An efficient solution to Hidden Markov Models on trees with coupled branches

TL;DR

This paper introduces an efficient dynamic programming algorithm for Hidden Markov Models on trees with coupled branches, enabling scalable inference in complex biological data with dependent structures.

Contribution

It extends HMMs on trees to handle coupled branches, providing a polynomial-time algorithm for likelihood, decoding, and learning in dependent tree structures.

Findings

Algorithm scales polynomially with states and nodes

Successfully applied to simulated biological data

Provides validation checks for model assumptions

Abstract

Hidden Markov Models (HMMs) are powerful tools for modeling sequential data, where the underlying states evolve in a stochastic manner and are only indirectly observable.
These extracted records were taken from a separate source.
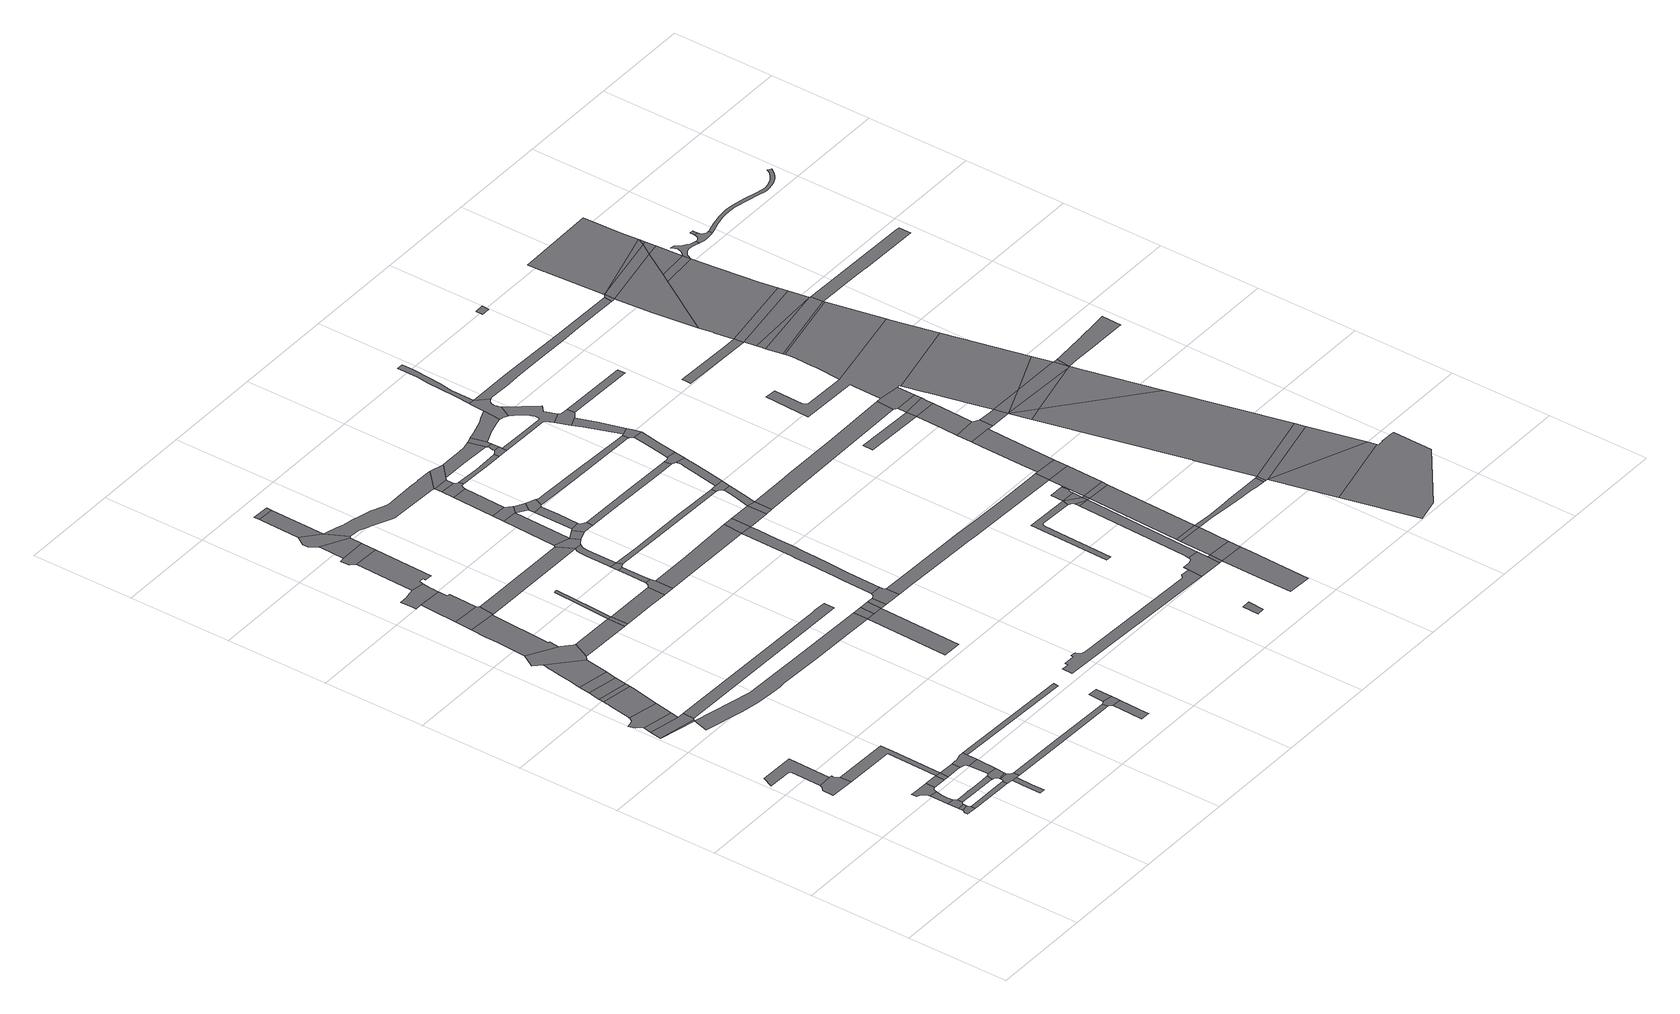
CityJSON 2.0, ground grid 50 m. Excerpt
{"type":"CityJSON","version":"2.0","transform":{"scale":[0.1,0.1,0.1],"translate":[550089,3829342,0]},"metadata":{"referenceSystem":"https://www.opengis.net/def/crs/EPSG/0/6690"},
"CityObjects":{
"road1":{"type":"Road","attributes":{"RoadStructureAttribute.sectionType":"1"},"geometry":[{"type":"MultiSurface","lod":"1","boundaries":[[[0,1,2,3,4,5,6,7]]]}]},
"road2":{"type":"Road","geometry":[{"type":"MultiSurface","lod":"1","boundaries":[[[8,9,10,7,6,11,12,13,14,15,16]]]}]},
"road3":{"type":"Road","geometry":[{"type":"MultiSurface","lod":"1","boundaries":[[[17,18,19,20,21,22,23,24]]]}]},
"road4":{"type":"Road","attributes":{"RoadStructureAttribute.sectionType":"1"},"geometry":[{"type":"MultiSurface","lod":"1","boundaries":[[[25,26,19,18]]]}]},
"road5":{"type":"Road","geometry":[{"type":"MultiSurface","lod":"1","boundaries":[[[27,26,25,28,29,30,31,32]]]}]},
"road6":{"type":"Road","attributes":{"RoadStructureAttribute.sectionType":"1"},"geometry":[{"type":"MultiSurface","lod":"1","boundaries":[[[33,34,27,32,35,36,37,38]]]}]},
"road7":{"type":"Road","geometry":[{"type":"MultiSurface","lod":"1","boundaries":[[[39,40,41,42,43,44,33,38,45,46,47,48,49]]]}]},
"road8":{"type":"Road","attributes":{"RoadStructureAttribute.sectionType":"1"},"geometry":[{"type":"MultiSurface","lod":"1","boundaries":[[[50,51,16,15,52,53,54,55]]]}]},
"road9":{"type":"Road","attributes":{"RoadStructureAttribute.sectionType":"1"},"geometry":[{"type":"MultiSurface","lod":"1","boundaries":[[[56,57,58]]]}]},
"road10":{"type":"Road","attributes":{"RoadStructureAttribute.sectionType":"1"},"geometry":[{"type":"MultiSurface","lod":"1","boundaries":[[[59,60,61,24,23,62,63,64,65,66]]]}]},
"road11":{"type":"Road","geometry":[{"type":"MultiSurface","lod":"1","boundaries":[[[67,56,58,68,69,70]]]}]},
"road12":{"type":"Road","attributes":{"RoadStructureAttribute.sectionType":"1"},"geometry":[{"type":"MultiSurface","lod":"1","boundaries":[[[71,49,48,72,73,74]]]}]},
"road13":{"type":"Road","geometry":[{"type":"MultiSurface","lod":"1","boundaries":[[[75,76,77,78,79,30,29,80,81,82,83,84,85]]]}]},
"road14":{"type":"Road","attributes":{"RoadStructureAttribute.sectionType":"1"},"geometry":[{"type":"MultiSurface","lod":"1","boundaries":[[[86,67,70,87]]]}]},
"road15":{"type":"Road","geometry":[{"type":"MultiSurface","lod":"1","boundaries":[[[88,89,90,91,92,93,86,87,94]]]}]},
"road16":{"type":"Road","geometry":[{"type":"MultiSurface","lod":"1","boundaries":[[[54,74,73,95,55]]]}]},
"road17":{"type":"Road","attributes":{"RoadStructureAttribute.sectionType":"1"},"geometry":[{"type":"MultiSurface","lod":"1","boundaries":[[[55,95,96,97,98]]]}]},
"road18":{"type":"Road","attributes":{"RoadStructureAttribute.sectionType":"1"},"geometry":[{"type":"MultiSurface","lod":"1","boundaries":[[[99,100,101,102,103,104,105,88,94,106,107]]]}]},
"road19":{"type":"Road","attributes":{"RoadStructureAttribute.sectionType":"1"},"geometry":[{"type":"MultiSurface","lod":"1","boundaries":[[[108,109,110,111,112,113]]]}]},
"road20":{"type":"Road","geometry":[{"type":"MultiSurface","lod":"1","boundaries":[[[114,115,85,84,116,117,118,119,120]]]}]},
"road21":{"type":"Road","geometry":[{"type":"MultiSurface","lod":"1","boundaries":[[[121,122,123,66,65,124,110,109,125,126,127,128,129,130]]]}]},
"road22":{"type":"Road","attributes":{"RoadStructureAttribute.sectionType":"1"},"geometry":[{"type":"MultiSurface","lod":"1","boundaries":[[[119,118,121,130]]]}]},
"road23":{"type":"Road","geometry":[{"type":"MultiSurface","lod":"1","boundaries":[[[131,99,107,132]]]}]},
"road24":{"type":"Road","attributes":{"RoadStructureAttribute.sectionType":"1"},"geometry":[{"type":"MultiSurface","lod":"1","boundaries":[[[133,131,132,134]]]}]},
"road25":{"type":"Road","attributes":{"RoadStructureAttribute.sectionType":"1"},"geometry":[{"type":"MultiSurface","lod":"1","boundaries":[[[135,136,114,120,137]]]}]},
"road26":{"type":"Road","geometry":[{"type":"MultiSurface","lod":"1","boundaries":[[[138,139,140,98,97,141,142,135,137,143,144]]]}]},
"road27":{"type":"Road","geometry":[{"type":"MultiSurface","lod":"1","boundaries":[[[145,133,134,146]]]}]},
"road28":{"type":"Road","attributes":{"RoadStructureAttribute.sectionType":"1"},"geometry":[{"type":"MultiSurface","lod":"1","boundaries":[[[147,148,149,150,151,152,145,146,153]]]}]},
"road29":{"type":"Road","geometry":[{"type":"MultiSurface","lod":"1","boundaries":[[[154,155,147,153,156,157,158,159,160]]]}]},
"road30":{"type":"Road","attributes":{"RoadStructureAttribute.sectionType":"1"},"geometry":[{"type":"MultiSurface","lod":"1","boundaries":[[[161,162,163,154,160,164,165,166,167]]]}]},
"road31":{"type":"Road","geometry":[{"type":"MultiSurface","lod":"1","boundaries":[[[168,169,161,167,170,171,172]]]}]},
"road32":{"type":"Road","attributes":{"RoadStructureAttribute.sectionType":"1"},"geometry":[{"type":"MultiSurface","lod":"1","boundaries":[[[173,127,126,174,175,176,177]]]}]},
"road33":{"type":"Road","attributes":{"RoadStructureAttribute.sectionType":"1"},"geometry":[{"type":"MultiSurface","lod":"1","boundaries":[[[178,179,180,181,168,172,182,183,184,185,186,187]]]}]},
"road34":{"type":"Road","attributes":{"RoadStructureAttribute.sectionType":"1"},"geometry":[{"type":"MultiSurface","lod":"1","boundaries":[[[188,157,156,189,190]]]}]},
"road35":{"type":"Road","geometry":[{"type":"MultiSurface","lod":"1","boundaries":[[[191,192,193,194,195,196,197,198,199,178,187,200,201,202,203]]]}]},
"road36":{"type":"Road","attributes":{"RoadStructureAttribute.sectionType":"1"},"geometry":[{"type":"MultiSurface","lod":"1","boundaries":[[[204,205,57,206,207,208,209,210,211,212,213,214,215]]]}]},
"road37":{"type":"Road","attributes":{"RoadStructureAttribute.sectionType":"1"},"geometry":[{"type":"MultiSurface","lod":"1","boundaries":[[[216,217,144,143]]]}]},
"road38":{"type":"Road","attributes":{"RoadStructureAttribute.sectionType":"1"},"geometry":[{"type":"MultiSurface","lod":"1","boundaries":[[[218,219,220,221,69,68]]]}]},
"road39":{"type":"Road","geometry":[{"type":"MultiSurface","lod":"1","boundaries":[[[190,189,222,223]]]}]},
"road40":{"type":"Road","attributes":{"RoadStructureAttribute.sectionType":"1"},"geometry":[{"type":"MultiSurface","lod":"1","boundaries":[[[224,225,191,203,226,227,228,229,230,231,232]]]}]},
"road41":{"type":"Road","attributes":{"RoadStructureAttribute.sectionType":"1"},"geometry":[{"type":"MultiSurface","lod":"1","boundaries":[[[233,234,235,236,237,238,239,240,190,223]]]}]},
"road42":{"type":"Road","geometry":[{"type":"MultiSurface","lod":"1","boundaries":[[[241,242,243,244,245,246,224,232]]]}]},
"road43":{"type":"Road","attributes":{"RoadStructureAttribute.sectionType":"1"},"geometry":[{"type":"MultiSurface","lod":"1","boundaries":[[[247,248,242,241,249]]]}]},
"road44":{"type":"Road","geometry":[{"type":"MultiSurface","lod":"1","boundaries":[[[250,251,252,253,254,247,249,255,256]]]}]},
"road45":{"type":"Road","attributes":{"RoadStructureAttribute.sectionType":"1"},"geometry":[{"type":"MultiSurface","lod":"1","boundaries":[[[223,222,257,258,259]]]}]},
"road46":{"type":"Road","attributes":{"RoadStructureAttribute.sectionType":"1"},"geometry":[{"type":"MultiSurface","lod":"1","boundaries":[[[260,261,262,263,264,265]]]}]},
"road47":{"type":"Road","geometry":[{"type":"MultiSurface","lod":"1","boundaries":[[[266,267,177,176,268,269,260,265,270,271]]]}]},
"road48":{"type":"Road","attributes":{"RoadStructureAttribute.sectionType":"1"},"geometry":[{"type":"MultiSurface","lod":"1","boundaries":[[[272,170,167,273,274,275,276]]]}]},
"road49":{"type":"Road","attributes":{"RoadStructureAttribute.sectionType":"1"},"geometry":[{"type":"MultiSurface","lod":"1","boundaries":[[[277,278,250,256,279]]]}]},
"road50":{"type":"Road","geometry":[{"type":"MultiSurface","lod":"1","boundaries":[[[280,281,266,271]]]}]},
"road51":{"type":"Road","geometry":[{"type":"MultiSurface","lod":"1","boundaries":[[[282,277,279,283,284]]]}]},
"road52":{"type":"Road","geometry":[{"type":"MultiSurface","lod":"1","boundaries":[[[285,286,287,259,258,288,289]]]}]},
"road53":{"type":"Road","attributes":{"RoadStructureAttribute.sectionType":"1"},"geometry":[{"type":"MultiSurface","lod":"1","boundaries":[[[290,291,286,285,292,293]]]}]},
"road54":{"type":"Road","geometry":[{"type":"MultiSurface","lod":"1","boundaries":[[[214,294,295,296,297]]]}]},
"road55":{"type":"Road","geometry":[{"type":"MultiSurface","lod":"1","boundaries":[[[298,290,293,299,300,301]]]}]},
"road56":{"type":"Road","geometry":[{"type":"MultiSurface","lod":"1","boundaries":[[[215,214,297,302]]]}]},
"road57":{"type":"Road","attributes":{"RoadStructureAttribute.sectionType":"1"},"geometry":[{"type":"MultiSurface","lod":"1","boundaries":[[[275,303,304,305,306,298,301,307,308,309]]]}]},
"road58":{"type":"Road","attributes":{"RoadStructureAttribute.sectionType":"1"},"geometry":[{"type":"MultiSurface","lod":"1","boundaries":[[[310,311,312,313,314,315,316,317,318,319,320,321,322,323,324,325,326,327,328,256,255,329,330,331,332,333,334,335,336,337,338,339,340]]]}]},
"road59":{"type":"Road","attributes":{"RoadStructureAttribute.sectionType":"1"},"geometry":[{"type":"MultiSurface","lod":"1","boundaries":[[[302,297,296,341]]]}]},
"road60":{"type":"Road","geometry":[{"type":"MultiSurface","lod":"1","boundaries":[[[342,276,275,309,343,344,345]]]}]},
"road61":{"type":"Road","attributes":{"RoadStructureAttribute.sectionType":"1"},"geometry":[{"type":"MultiSurface","lod":"1","boundaries":[[[346,341,296,347,348]]]}]},
"road62":{"type":"Road","attributes":{"RoadStructureAttribute.sectionType":"1"},"geometry":[{"type":"MultiSurface","lod":"1","boundaries":[[[349,350,351,342,345,352,353]]]}]},
"road63":{"type":"Road","attributes":{"RoadStructureAttribute.sectionType":"1"},"geometry":[{"type":"MultiSurface","lod":"1","boundaries":[[[354,345,344,355,356]]]}]},
"road64":{"type":"Road","attributes":{"RoadStructureAttribute.sectionType":"1"},"geometry":[{"type":"MultiSurface","lod":"1","boundaries":[[[357,289,288,358,359]]]}]},
"road65":{"type":"Road","geometry":[{"type":"MultiSurface","lod":"1","boundaries":[[[360,361,362,363,364,365,366,348,347,367,368,369,370]]]}]},
"road66":{"type":"Road","geometry":[{"type":"MultiSurface","lod":"1","boundaries":[[[371,372,351,350,349,353,373,374]]]}]},
"road67":{"type":"Road","geometry":[{"type":"MultiSurface","lod":"1","boundaries":[[[375,376,377,378,354,356,379,380]]]}]},
"road68":{"type":"Road","attributes":{"RoadStructureAttribute.sectionType":"1"},"geometry":[{"type":"MultiSurface","lod":"1","boundaries":[[[381,382,372,371,374,383]]]}]},
"road69":{"type":"Road","attributes":{"RoadStructureAttribute.sectionType":"1"},"geometry":[{"type":"MultiSurface","lod":"1","boundaries":[[[384,378,377,385,386]]]}]},
"road70":{"type":"Road","attributes":{"RoadStructureAttribute.sectionType":"1"},"geometry":[{"type":"MultiSurface","lod":"1","boundaries":[[[387,373,353,388,389]]]}]},
"road71":{"type":"Road","geometry":[{"type":"MultiSurface","lod":"1","boundaries":[[[390,382,381,383,391,392,393,394,395,396]]]}]},
"road72":{"type":"Road","geometry":[{"type":"MultiSurface","lod":"1","boundaries":[[[389,388,384,386,397,398,399]]]}]},
"road73":{"type":"Road","attributes":{"RoadStructureAttribute.sectionType":"1"},"geometry":[{"type":"MultiSurface","lod":"1","boundaries":[[[400,390,396,401,402]]]}]},
"road74":{"type":"Road","attributes":{"RoadStructureAttribute.sectionType":"1"},"geometry":[{"type":"MultiSurface","lod":"1","boundaries":[[[358,403,404,405,406,407,408,409,360,370,410,411,412,413,414,415,416,417,418,419,420]]]}]},
"road75":{"type":"Road","attributes":{"RoadStructureAttribute.sectionType":"1"},"geometry":[{"type":"MultiSurface","lod":"1","boundaries":[[[421,422,301,300,423,424,425,426]]]}]},
"road76":{"type":"Road","geometry":[{"type":"MultiSurface","lod":"1","boundaries":[[[340,339,427,400,402,428,429,430]]]}]},
"road77":{"type":"Road","attributes":{"RoadStructureAttribute.sectionType":"1"},"geometry":[{"type":"MultiSurface","lod":"1","boundaries":[[[431,432,433,434,435,436,437,438,439,440,441,442,443,444,445]]]}]},
"road78":{"type":"Road","geometry":[{"type":"MultiSurface","lod":"1","boundaries":[[[359,358,420,446]]]}]},
"road79":{"type":"Road","attributes":{"RoadStructureAttribute.sectionType":"1"},"geometry":[{"type":"MultiSurface","lod":"1","boundaries":[[[447,394,393,448,449,450]]]}]},
"road80":{"type":"Road","attributes":{"RoadStructureAttribute.sectionType":"1"},"geometry":[{"type":"MultiSurface","lod":"1","boundaries":[[[451,452,453,454,455,430,429,456,457,458]]]}]},
"road81":{"type":"Road","attributes":{"RoadStructureAttribute.sectionType":"1"},"geometry":[{"type":"MultiSurface","lod":"1","boundaries":[[[459,380,379,460,461,462,463]]]}]},
"road82":{"type":"Road","attributes":{"RoadStructureAttribute.sectionType":"1"},"geometry":[{"type":"MultiSurface","lod":"1","boundaries":[[[446,420,464,465]]]}]},
"road83":{"type":"Road","geometry":[{"type":"MultiSurface","lod":"1","boundaries":[[[465,464,466,467]]]}]},
"road84":{"type":"Road","attributes":{"RoadStructureAttribute.sectionType":"1"},"geometry":[{"type":"MultiSurface","lod":"1","boundaries":[[[468,469,470,471,399,398,472,473,474,475,476]]]}]},
"road85":{"type":"Road","geometry":[{"type":"MultiSurface","lod":"1","boundaries":[[[477,478,479,450,449,480,481]]]}]},
"road86":{"type":"Road","attributes":{"RoadStructureAttribute.sectionType":"1"},"geometry":[{"type":"MultiSurface","lod":"1","boundaries":[[[482,483,484,485,478,477]]]}]},
"road87":{"type":"Road","geometry":[{"type":"MultiSurface","lod":"1","boundaries":[[[486,487,488,489]]]}]},
"road88":{"type":"Road","geometry":[{"type":"MultiSurface","lod":"1","boundaries":[[[490,491,492,451,458,483,482,493]]]}]},
"road89":{"type":"Road","attributes":{"RoadStructureAttribute.sectionType":"1"},"geometry":[{"type":"MultiSurface","lod":"1","boundaries":[[[494,495,496,465,467,497,498]]]}]},
"road90":{"type":"Road","geometry":[{"type":"MultiSurface","lod":"1","boundaries":[[[499,426,425,500,501,502,494,498,503,504,505]]]}]},
"road91":{"type":"Road","attributes":{"RoadStructureAttribute.sectionType":"1"},"geometry":[{"type":"MultiSurface","lod":"1","boundaries":[[[506,507,508,509,510,511,512,513,368,367,514,515,516,517,518,519,520,521]]]}]},
"road92":{"type":"Road","attributes":{"RoadStructureAttribute.sectionType":"1"},"geometry":[{"type":"MultiSurface","lod":"1","boundaries":[[[522,523,524,525,526,490,493,527,528,529,530,531]]]}]},
"road93":{"type":"Road","attributes":{"RoadStructureAttribute.sectionType":"1"},"geometry":[{"type":"MultiSurface","lod":"1","boundaries":[[[532,533,534,535,505,504,536,537,538,539,540,541,542]]]}]},
"road94":{"type":"Road","geometry":[{"type":"MultiSurface","lod":"1","boundaries":[[[543,544,545,463,462,546,532,542,547]]]}]},
"road95":{"type":"Road","attributes":{"RoadStructureAttribute.sectionType":"1"},"geometry":[{"type":"MultiSurface","lod":"1","boundaries":[[[548,549,550,551,552,553,554,555,556,557,558,559,481,480,560,561,562,563,564,565]]]}]},
"road96":{"type":"Road","attributes":{"RoadStructureAttribute.sectionType":"1"},"geometry":[{"type":"MultiSurface","lod":"1","boundaries":[[[566,567,568,569,570,445,444,571,572,573]]]}]},
"road97":{"type":"Road","attributes":{"RoadStructureAttribute.sectionType":"1"},"geometry":[{"type":"MultiSurface","lod":"1","boundaries":[[[574,575,576,543,547,577,578]]]}]},
"road98":{"type":"Road","geometry":[{"type":"MultiSurface","lod":"1","boundaries":[[[579,580,522,531,581,582,552,551,583,584,585,586,587,588,589,590,591]]]}]},
"road99":{"type":"Road","geometry":[{"type":"MultiSurface","lod":"1","boundaries":[[[572,571,592,593]]]}]},
"road100":{"type":"Road","attributes":{"RoadStructureAttribute.sectionType":"1"},"geometry":[{"type":"MultiSurface","lod":"1","boundaries":[[[592,594,595,596,597,598]]]}]},
"road101":{"type":"Road","attributes":{"RoadStructureAttribute.sectionType":"1"},"geometry":[{"type":"MultiSurface","lod":"1","boundaries":[[[599,600,601,602,603,604,605,606]]]}]},
"road102":{"type":"Road","attributes":{"RoadStructureAttribute.sectionType":"1"},"geometry":[{"type":"MultiSurface","lod":"1","boundaries":[[[607,608,609,610,611,612]]]}]},
"road103":{"type":"Road","geometry":[{"type":"MultiSurface","lod":"1","boundaries":[[[613,612,611,476,475,614,615,574,578]]]}]},
"road104":{"type":"Road","geometry":[{"type":"MultiSurface","lod":"1","boundaries":[[[616,565,564,609,608,617,618,619]]]}]},
"road105":{"type":"Road","attributes":{"RoadStructureAttribute.sectionType":"1"},"geometry":[{"type":"MultiSurface","lod":"1","boundaries":[[[620,621,622,623,624,625,626,627,628,629,630,631,632,579,591]]]}]},
"road106":{"type":"Road","geometry":[{"type":"MultiSurface","lod":"1","boundaries":[[[593,592,598,633]]]}]},
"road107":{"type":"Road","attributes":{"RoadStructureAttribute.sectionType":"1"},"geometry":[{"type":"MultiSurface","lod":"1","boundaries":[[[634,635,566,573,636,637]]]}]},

Traditional HMM approaches are well-established for linear sequences, and have been extended to other structures such as trees. In this paper, we extend the framework of HMMs on trees to address scenarios where the tree-like structure of the data includes coupled branches -- a common feature in biological systems where entities within the same lineage exhibit dependent characteristics. We develop a dynamic programming algorithm that efficiently solves the likelihood, decoding, and parameter learning problems for tree-based HMMs with coupled branches. Our approach scales polynomially with the number of states and nodes, making it computationally feasible for a wide range of applications and does not suffer from the underflow problem. We demonstrate our algorithm by applying it to simulated data and propose self-consistency checks for validating the assumptions of the model used for inference. This work not only advances the theoretical understanding of HMMs on trees but also provides a practical tool for analyzing complex biological data where dependencies between branches cannot be ignored.